■ **What you are asked to do**
Write out nothing except the lines of the entries below, from the first through the one containing "#34=FACE_BOUND('',#33,.T.);", exactly and without pictures.

--- Supplied information ---

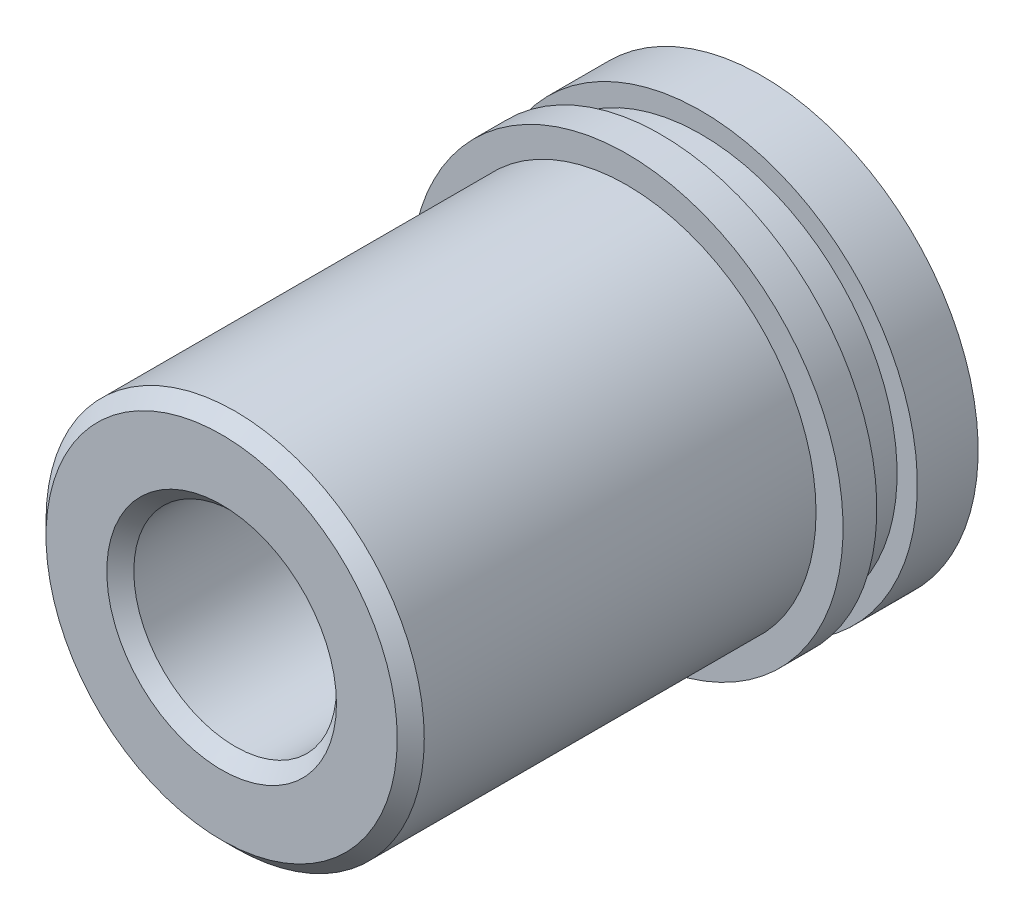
ISO-10303-21;
HEADER;
FILE_DESCRIPTION(('STEP AP214'),'2;1');
FILE_NAME('part.step','',(''),(''),'','','');
FILE_SCHEMA(('AUTOMOTIVE_DESIGN { 1 0 10303 214 1 1 1 1 }'));
ENDSEC;
DATA;
#1=APPLICATION_CONTEXT('core data for automotive mechanical design processes');
#2=APPLICATION_PROTOCOL_DEFINITION('international standard','automotive_design',2000,#1);
#3=PRODUCT_CONTEXT('',#1,'mechanical');
#4=PRODUCT('Part','Part','',(#3));
#5=PRODUCT_RELATED_PRODUCT_CATEGORY('part','',(#4));
#6=PRODUCT_DEFINITION_FORMATION('','',#4);
#7=PRODUCT_DEFINITION_CONTEXT('part definition',#1,'design');
#8=PRODUCT_DEFINITION('design','',#6,#7);
#9=PRODUCT_DEFINITION_SHAPE('','',#8);
#10=(LENGTH_UNIT() NAMED_UNIT(*) SI_UNIT(.MILLI.,.METRE.));
#11=(NAMED_UNIT(*) PLANE_ANGLE_UNIT() SI_UNIT($,.RADIAN.));
#12=(NAMED_UNIT(*) SI_UNIT($,.STERADIAN.) SOLID_ANGLE_UNIT());
#13=UNCERTAINTY_MEASURE_WITH_UNIT(LENGTH_MEASURE(1.E-05),#10,'distance_accuracy_value','');
#14=(GEOMETRIC_REPRESENTATION_CONTEXT(3) GLOBAL_UNCERTAINTY_ASSIGNED_CONTEXT((#13)) GLOBAL_UNIT_ASSIGNED_CONTEXT((#10,
#11,#12)) REPRESENTATION_CONTEXT('',''));
#15=CARTESIAN_POINT('',(0.,0.,0.));
#16=DIRECTION('',(0.,0.,1.));
#17=DIRECTION('',(1.,0.,0.));
#18=AXIS2_PLACEMENT_3D('',#15,#16,#17);
#19=CARTESIAN_POINT('',(0.,-4.71844785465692E-13,-19.9571428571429));
#20=DIRECTION('',(0.,0.,-1.));
#21=DIRECTION('',(-1.,0.,0.));
#22=AXIS2_PLACEMENT_3D('',#19,#20,#21);
#23=CYLINDRICAL_SURFACE('',#22,7.49999999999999);
#24=CARTESIAN_POINT('',(0.,0.,29.));
#25=DIRECTION('',(0.,0.,1.));
#26=DIRECTION('',(1.,0.,0.));
#27=AXIS2_PLACEMENT_3D('',#24,#25,#26);
#28=CIRCLE('',#27,7.49999999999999);
#29=CARTESIAN_POINT('',(7.49999999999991,0.,29.));
#30=VERTEX_POINT('',#29);
#31=EDGE_CURVE('E49',#30,#30,#28,.T.);
#32=ORIENTED_EDGE('',*,*,#31,.T.);
#33=EDGE_LOOP('',(#32));
#34=FACE_BOUND('',#33,.T.);
#35=CARTESIAN_POINT('',(0.,-4.71844785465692E-13,-8.99999999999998));
#36=DIRECTION('',(0.,0.,-1.));
#37=DIRECTION('',(-1.,0.,0.));
#38=AXIS2_PLACEMENT_3D('',#35,#36,#37);
#39=CIRCLE('',#38,7.49999999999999);
#40=CARTESIAN_POINT('',(-7.49999999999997,-5.01924890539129E-13,-8.99999999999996));
#41=VERTEX_POINT('',#40);
#42=EDGE_CURVE('E53',#41,#41,#39,.T.);
#43=ORIENTED_EDGE('',*,*,#42,.T.);
#44=EDGE_LOOP('',(#43));
#45=FACE_BOUND('',#44,.T.);
#46=ADVANCED_FACE('F39',(#34,#45),#23,.F.);
#47=CARTESIAN_POINT('',(-14.0000000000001,0.,30.));
#48=DIRECTION('',(0.,0.,1.));
#49=DIRECTION('',(1.,0.,0.));
#50=AXIS2_PLACEMENT_3D('',#47,#48,#49);
#51=PLANE('',#50);
#52=CARTESIAN_POINT('',(0.,0.,30.));
#53=DIRECTION('',(0.,0.,1.));
#54=DIRECTION('',(1.,0.,0.));
#55=AXIS2_PLACEMENT_3D('',#52,#53,#54);
#56=CIRCLE('',#55,8.5);
#57=CARTESIAN_POINT('',(8.49999999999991,0.,30.));
#58=VERTEX_POINT('',#57);
#59=EDGE_CURVE('E58',#58,#58,#56,.F.);
#60=ORIENTED_EDGE('',*,*,#59,.T.);
#61=EDGE_LOOP('',(#60));
#62=FACE_BOUND('',#61,.T.);
#63=CARTESIAN_POINT('',(0.,0.,30.));
#64=DIRECTION('',(0.,0.,1.));
#65=DIRECTION('',(1.,0.,0.));
#66=AXIS2_PLACEMENT_3D('',#63,#64,#65);
#67=CIRCLE('',#66,13.);
#68=CARTESIAN_POINT('',(12.9999999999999,0.,30.));
#69=VERTEX_POINT('',#68);
#70=EDGE_CURVE('E61',#69,#69,#67,.T.);
#71=ORIENTED_EDGE('',*,*,#70,.T.);
#72=EDGE_LOOP('',(#71));
#73=FACE_BOUND('',#72,.T.);
#74=ADVANCED_FACE('F103',(#62,#73),#51,.T.);
#75=CARTESIAN_POINT('',(0.,-4.71844785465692E-13,-19.9571428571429));
#76=DIRECTION('',(0.,0.,-1.));
#77=DIRECTION('',(-1.,0.,0.));
#78=AXIS2_PLACEMENT_3D('',#75,#76,#77);
#79=CYLINDRICAL_SURFACE('',#78,14.);
#80=CARTESIAN_POINT('',(0.,0.,29.));
#81=DIRECTION('',(0.,0.,1.));
#82=DIRECTION('',(1.,0.,0.));
#83=AXIS2_PLACEMENT_3D('',#80,#81,#82);
#84=CIRCLE('',#83,14.);
#85=CARTESIAN_POINT('',(13.9999999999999,0.,28.9999999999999));
#86=VERTEX_POINT('',#85);
#87=EDGE_CURVE('E10',#86,#86,#84,.F.);
#88=ORIENTED_EDGE('',*,*,#87,.T.);
#89=EDGE_LOOP('',(#88));
#90=FACE_BOUND('',#89,.T.);
#91=CARTESIAN_POINT('',(0.,0.,0.));
#92=DIRECTION('',(0.,0.,-1.));
#93=DIRECTION('',(-1.,0.,0.));
#94=AXIS2_PLACEMENT_3D('',#91,#92,#93);
#95=CIRCLE('',#94,14.);
#96=CARTESIAN_POINT('',(-14.,0.,0.));
#97=VERTEX_POINT('',#96);
#98=EDGE_CURVE('E64',#97,#97,#95,.T.);
#99=ORIENTED_EDGE('',*,*,#98,.F.);
#100=EDGE_LOOP('',(#99));
#101=FACE_BOUND('',#100,.T.);
#102=ADVANCED_FACE('F108',(#90,#101),#79,.T.);
#103=CARTESIAN_POINT('',(-16.,-4.71844785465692E-13,2.35922392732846E-13));
#104=DIRECTION('',(0.,0.,1.));
#105=DIRECTION('',(1.,0.,0.));
#106=AXIS2_PLACEMENT_3D('',#103,#104,#105);
#107=PLANE('',#106);
#108=ORIENTED_EDGE('',*,*,#98,.T.);
#109=EDGE_LOOP('',(#108));
#110=FACE_BOUND('',#109,.T.);
#111=CARTESIAN_POINT('',(0.,0.,0.));
#112=DIRECTION('',(0.,0.,-1.));
#113=DIRECTION('',(-1.,0.,0.));
#114=AXIS2_PLACEMENT_3D('',#111,#112,#113);
#115=CIRCLE('',#114,16.);
#116=CARTESIAN_POINT('',(-16.,0.,0.));
#117=VERTEX_POINT('',#116);
#118=EDGE_CURVE('E67',#117,#117,#115,.T.);
#119=ORIENTED_EDGE('',*,*,#118,.F.);
#120=EDGE_LOOP('',(#119));
#121=FACE_BOUND('',#120,.T.);
#122=ADVANCED_FACE('F178',(#110,#121),#107,.T.);
#123=CARTESIAN_POINT('',(0.,-4.71844785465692E-13,-19.9571428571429));
#124=DIRECTION('',(0.,0.,-1.));
#125=DIRECTION('',(-1.,0.,0.));
#126=AXIS2_PLACEMENT_3D('',#123,#124,#125);
#127=CYLINDRICAL_SURFACE('',#126,16.);
#128=ORIENTED_EDGE('',*,*,#118,.T.);
#129=EDGE_LOOP('',(#128));
#130=FACE_BOUND('',#129,.T.);
#131=CARTESIAN_POINT('',(0.,0.,-2.5));
#132=DIRECTION('',(0.,0.,-1.));
#133=DIRECTION('',(-1.,0.,0.));
#134=AXIS2_PLACEMENT_3D('',#131,#132,#133);
#135=CIRCLE('',#134,16.);
#136=CARTESIAN_POINT('',(-16.,0.,-2.49999999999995));
#137=VERTEX_POINT('',#136);
#138=EDGE_CURVE('E70',#137,#137,#135,.T.);
#139=ORIENTED_EDGE('',*,*,#138,.F.);
#140=EDGE_LOOP('',(#139));
#141=FACE_BOUND('',#140,.T.);
#142=ADVANCED_FACE('F168',(#130,#141),#127,.T.);
#143=CARTESIAN_POINT('',(-14.4999999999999,0.,-2.5));
#144=DIRECTION('',(0.,0.,-1.));
#145=DIRECTION('',(-1.,0.,0.));
#146=AXIS2_PLACEMENT_3D('',#143,#144,#145);
#147=PLANE('',#146);
#148=ORIENTED_EDGE('',*,*,#138,.T.);
#149=EDGE_LOOP('',(#148));
#150=FACE_BOUND('',#149,.T.);
#151=CARTESIAN_POINT('',(0.,0.,-2.5));
#152=DIRECTION('',(0.,0.,-1.));
#153=DIRECTION('',(-1.,0.,0.));
#154=AXIS2_PLACEMENT_3D('',#151,#152,#153);
#155=CIRCLE('',#154,14.5);
#156=CARTESIAN_POINT('',(-14.5,0.,-2.49999999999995));
#157=VERTEX_POINT('',#156);
#158=EDGE_CURVE('E73',#157,#157,#155,.T.);
#159=ORIENTED_EDGE('',*,*,#158,.F.);
#160=EDGE_LOOP('',(#159));
#161=FACE_BOUND('',#160,.T.);
#162=ADVANCED_FACE('F158',(#150,#161),#147,.T.);
#163=CARTESIAN_POINT('',(0.,-4.71844785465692E-13,-19.9571428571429));
#164=DIRECTION('',(0.,0.,-1.));
#165=DIRECTION('',(-1.,0.,0.));
#166=AXIS2_PLACEMENT_3D('',#163,#164,#165);
#167=CYLINDRICAL_SURFACE('',#166,14.5);
#168=ORIENTED_EDGE('',*,*,#158,.T.);
#169=EDGE_LOOP('',(#168));
#170=FACE_BOUND('',#169,.T.);
#171=CARTESIAN_POINT('',(0.,0.,-5.5));
#172=DIRECTION('',(0.,0.,-1.));
#173=DIRECTION('',(-1.,0.,0.));
#174=AXIS2_PLACEMENT_3D('',#171,#172,#173);
#175=CIRCLE('',#174,14.5);
#176=CARTESIAN_POINT('',(-14.5,0.,-5.49999999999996));
#177=VERTEX_POINT('',#176);
#178=EDGE_CURVE('E76',#177,#177,#175,.T.);
#179=ORIENTED_EDGE('',*,*,#178,.F.);
#180=EDGE_LOOP('',(#179));
#181=FACE_BOUND('',#180,.T.);
#182=ADVANCED_FACE('F99',(#170,#181),#167,.T.);
#183=CARTESIAN_POINT('',(-16.,-4.71844785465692E-13,-5.49999999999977));
#184=DIRECTION('',(0.,0.,1.));
#185=DIRECTION('',(1.,0.,0.));
#186=AXIS2_PLACEMENT_3D('',#183,#184,#185);
#187=PLANE('',#186);
#188=ORIENTED_EDGE('',*,*,#178,.T.);
#189=EDGE_LOOP('',(#188));
#190=FACE_BOUND('',#189,.T.);
#191=CARTESIAN_POINT('',(0.,0.,-5.5));
#192=DIRECTION('',(0.,0.,-1.));
#193=DIRECTION('',(-1.,0.,0.));
#194=AXIS2_PLACEMENT_3D('',#191,#192,#193);
#195=CIRCLE('',#194,16.);
#196=CARTESIAN_POINT('',(-16.,0.,-5.49999999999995));
#197=VERTEX_POINT('',#196);
#198=EDGE_CURVE('E79',#197,#197,#195,.T.);
#199=ORIENTED_EDGE('',*,*,#198,.F.);
#200=EDGE_LOOP('',(#199));
#201=FACE_BOUND('',#200,.T.);
#202=ADVANCED_FACE('F90',(#190,#201),#187,.T.);
#203=CARTESIAN_POINT('',(0.,-4.71844785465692E-13,-19.9571428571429));
#204=DIRECTION('',(0.,0.,-1.));
#205=DIRECTION('',(-1.,0.,0.));
#206=AXIS2_PLACEMENT_3D('',#203,#204,#205);
#207=CYLINDRICAL_SURFACE('',#206,16.);
#208=ORIENTED_EDGE('',*,*,#198,.T.);
#209=EDGE_LOOP('',(#208));
#210=FACE_BOUND('',#209,.T.);
#211=CARTESIAN_POINT('',(0.,-4.71844785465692E-13,-10.));
#212=DIRECTION('',(0.,0.,-1.));
#213=DIRECTION('',(-1.,0.,0.));
#214=AXIS2_PLACEMENT_3D('',#211,#212,#213);
#215=CIRCLE('',#214,16.);
#216=CARTESIAN_POINT('',(-16.,-5.36015676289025E-13,-9.99999999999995));
#217=VERTEX_POINT('',#216);
#218=EDGE_CURVE('E82',#217,#217,#215,.T.);
#219=ORIENTED_EDGE('',*,*,#218,.F.);
#220=EDGE_LOOP('',(#219));
#221=FACE_BOUND('',#220,.T.);
#222=ADVANCED_FACE('F88',(#210,#221),#207,.T.);
#223=CARTESIAN_POINT('',(-7.49999999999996,-4.71844785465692E-13,-10.));
#224=DIRECTION('',(0.,0.,-1.));
#225=DIRECTION('',(-1.,0.,0.));
#226=AXIS2_PLACEMENT_3D('',#223,#224,#225);
#227=PLANE('',#226);
#228=CARTESIAN_POINT('',(0.,-4.71844785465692E-13,-10.));
#229=DIRECTION('',(0.,0.,-1.));
#230=DIRECTION('',(-1.,0.,0.));
#231=AXIS2_PLACEMENT_3D('',#228,#229,#230);
#232=CIRCLE('',#231,8.5);
#233=CARTESIAN_POINT('',(-8.49999999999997,-5.05935571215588E-13,-9.99999999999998));
#234=VERTEX_POINT('',#233);
#235=EDGE_CURVE('E45',#234,#234,#232,.F.);
#236=ORIENTED_EDGE('',*,*,#235,.T.);
#237=EDGE_LOOP('',(#236));
#238=FACE_BOUND('',#237,.T.);
#239=ORIENTED_EDGE('',*,*,#218,.T.);
#240=EDGE_LOOP('',(#239));
#241=FACE_BOUND('',#240,.T.);
#242=ADVANCED_FACE('F86',(#238,#241),#227,.T.);
#243=CARTESIAN_POINT('',(0.,0.,30.));
#244=DIRECTION('',(0.,0.,1.));
#245=DIRECTION('',(1.,0.,0.));
#246=AXIS2_PLACEMENT_3D('',#243,#244,#245);
#247=CONICAL_SURFACE('',#246,8.5,0.785398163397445);
#248=ORIENTED_EDGE('',*,*,#31,.F.);
#249=EDGE_LOOP('',(#248));
#250=FACE_BOUND('',#249,.T.);
#251=ORIENTED_EDGE('',*,*,#59,.F.);
#252=EDGE_LOOP('',(#251));
#253=FACE_BOUND('',#252,.T.);
#254=ADVANCED_FACE('F97',(#250,#253),#247,.F.);
#255=CARTESIAN_POINT('',(0.,-4.71844785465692E-13,-8.99999999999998));
#256=DIRECTION('',(0.,0.,-1.));
#257=DIRECTION('',(-1.,0.,0.));
#258=AXIS2_PLACEMENT_3D('',#255,#256,#257);
#259=CONICAL_SURFACE('',#258,7.49999999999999,0.785398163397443);
#260=ORIENTED_EDGE('',*,*,#235,.F.);
#261=EDGE_LOOP('',(#260));
#262=FACE_BOUND('',#261,.T.);
#263=ORIENTED_EDGE('',*,*,#42,.F.);
#264=EDGE_LOOP('',(#263));
#265=FACE_BOUND('',#264,.T.);
#266=ADVANCED_FACE('F114',(#262,#265),#259,.F.);
#267=CARTESIAN_POINT('',(0.,0.,29.));
#268=DIRECTION('',(0.,0.,-1.));
#269=DIRECTION('',(-1.,0.,0.));
#270=AXIS2_PLACEMENT_3D('',#267,#268,#269);
#271=CONICAL_SURFACE('',#270,14.,0.785398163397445);
#272=ORIENTED_EDGE('',*,*,#70,.F.);
#273=EDGE_LOOP('',(#272));
#274=FACE_BOUND('',#273,.T.);
#275=ORIENTED_EDGE('',*,*,#87,.F.);
#276=EDGE_LOOP('',(#275));
#277=FACE_BOUND('',#276,.T.);
#278=ADVANCED_FACE('F116',(#274,#277),#271,.T.);
#279=CLOSED_SHELL('',(#46,#74,#102,#122,#142,#162,#182,#202,#222,#242,#254,#266,#278));
#280=MANIFOLD_SOLID_BREP('B2',#279);
#281=ADVANCED_BREP_SHAPE_REPRESENTATION('',(#18,#280),#14);
#282=SHAPE_DEFINITION_REPRESENTATION(#9,#281);
ENDSEC;
END-ISO-10303-21;

---

■ **Solution for this exercise**
ISO-10303-21;
HEADER;
FILE_DESCRIPTION(('STEP AP214'),'2;1');
FILE_NAME('part.step','',(''),(''),'','','');
FILE_SCHEMA(('AUTOMOTIVE_DESIGN { 1 0 10303 214 1 1 1 1 }'));
ENDSEC;
DATA;
#1=APPLICATION_CONTEXT('core data for automotive mechanical design processes');
#2=APPLICATION_PROTOCOL_DEFINITION('international standard','automotive_design',2000,#1);
#3=PRODUCT_CONTEXT('',#1,'mechanical');
#4=PRODUCT('Part','Part','',(#3));
#5=PRODUCT_RELATED_PRODUCT_CATEGORY('part','',(#4));
#6=PRODUCT_DEFINITION_FORMATION('','',#4);
#7=PRODUCT_DEFINITION_CONTEXT('part definition',#1,'design');
#8=PRODUCT_DEFINITION('design','',#6,#7);
#9=PRODUCT_DEFINITION_SHAPE('','',#8);
#10=(LENGTH_UNIT() NAMED_UNIT(*) SI_UNIT(.MILLI.,.METRE.));
#11=(NAMED_UNIT(*) PLANE_ANGLE_UNIT() SI_UNIT($,.RADIAN.));
#12=(NAMED_UNIT(*) SI_UNIT($,.STERADIAN.) SOLID_ANGLE_UNIT());
#13=UNCERTAINTY_MEASURE_WITH_UNIT(LENGTH_MEASURE(1.E-05),#10,'distance_accuracy_value','');
#14=(GEOMETRIC_REPRESENTATION_CONTEXT(3) GLOBAL_UNCERTAINTY_ASSIGNED_CONTEXT((#13)) GLOBAL_UNIT_ASSIGNED_CONTEXT((#10,
#11,#12)) REPRESENTATION_CONTEXT('',''));
#15=CARTESIAN_POINT('',(0.,0.,0.));
#16=DIRECTION('',(0.,0.,1.));
#17=DIRECTION('',(1.,0.,0.));
#18=AXIS2_PLACEMENT_3D('',#15,#16,#17);
#19=CARTESIAN_POINT('',(0.,-4.71844785465692E-13,-19.9571428571429));
#20=DIRECTION('',(0.,0.,-1.));
#21=DIRECTION('',(-1.,0.,0.));
#22=AXIS2_PLACEMENT_3D('',#19,#20,#21);
#23=CYLINDRICAL_SURFACE('',#22,7.49999999999999);
#24=CARTESIAN_POINT('',(0.,0.,29.));
#25=DIRECTION('',(0.,0.,1.));
#26=DIRECTION('',(1.,0.,0.));
#27=AXIS2_PLACEMENT_3D('',#24,#25,#26);
#28=CIRCLE('',#27,7.49999999999999);
#29=CARTESIAN_POINT('',(7.49999999999991,0.,29.));
#30=VERTEX_POINT('',#29);
#31=EDGE_CURVE('E49',#30,#30,#28,.T.);
#32=ORIENTED_EDGE('',*,*,#31,.T.);
#33=EDGE_LOOP('',(#32));
#34=FACE_BOUND('',#33,.T.);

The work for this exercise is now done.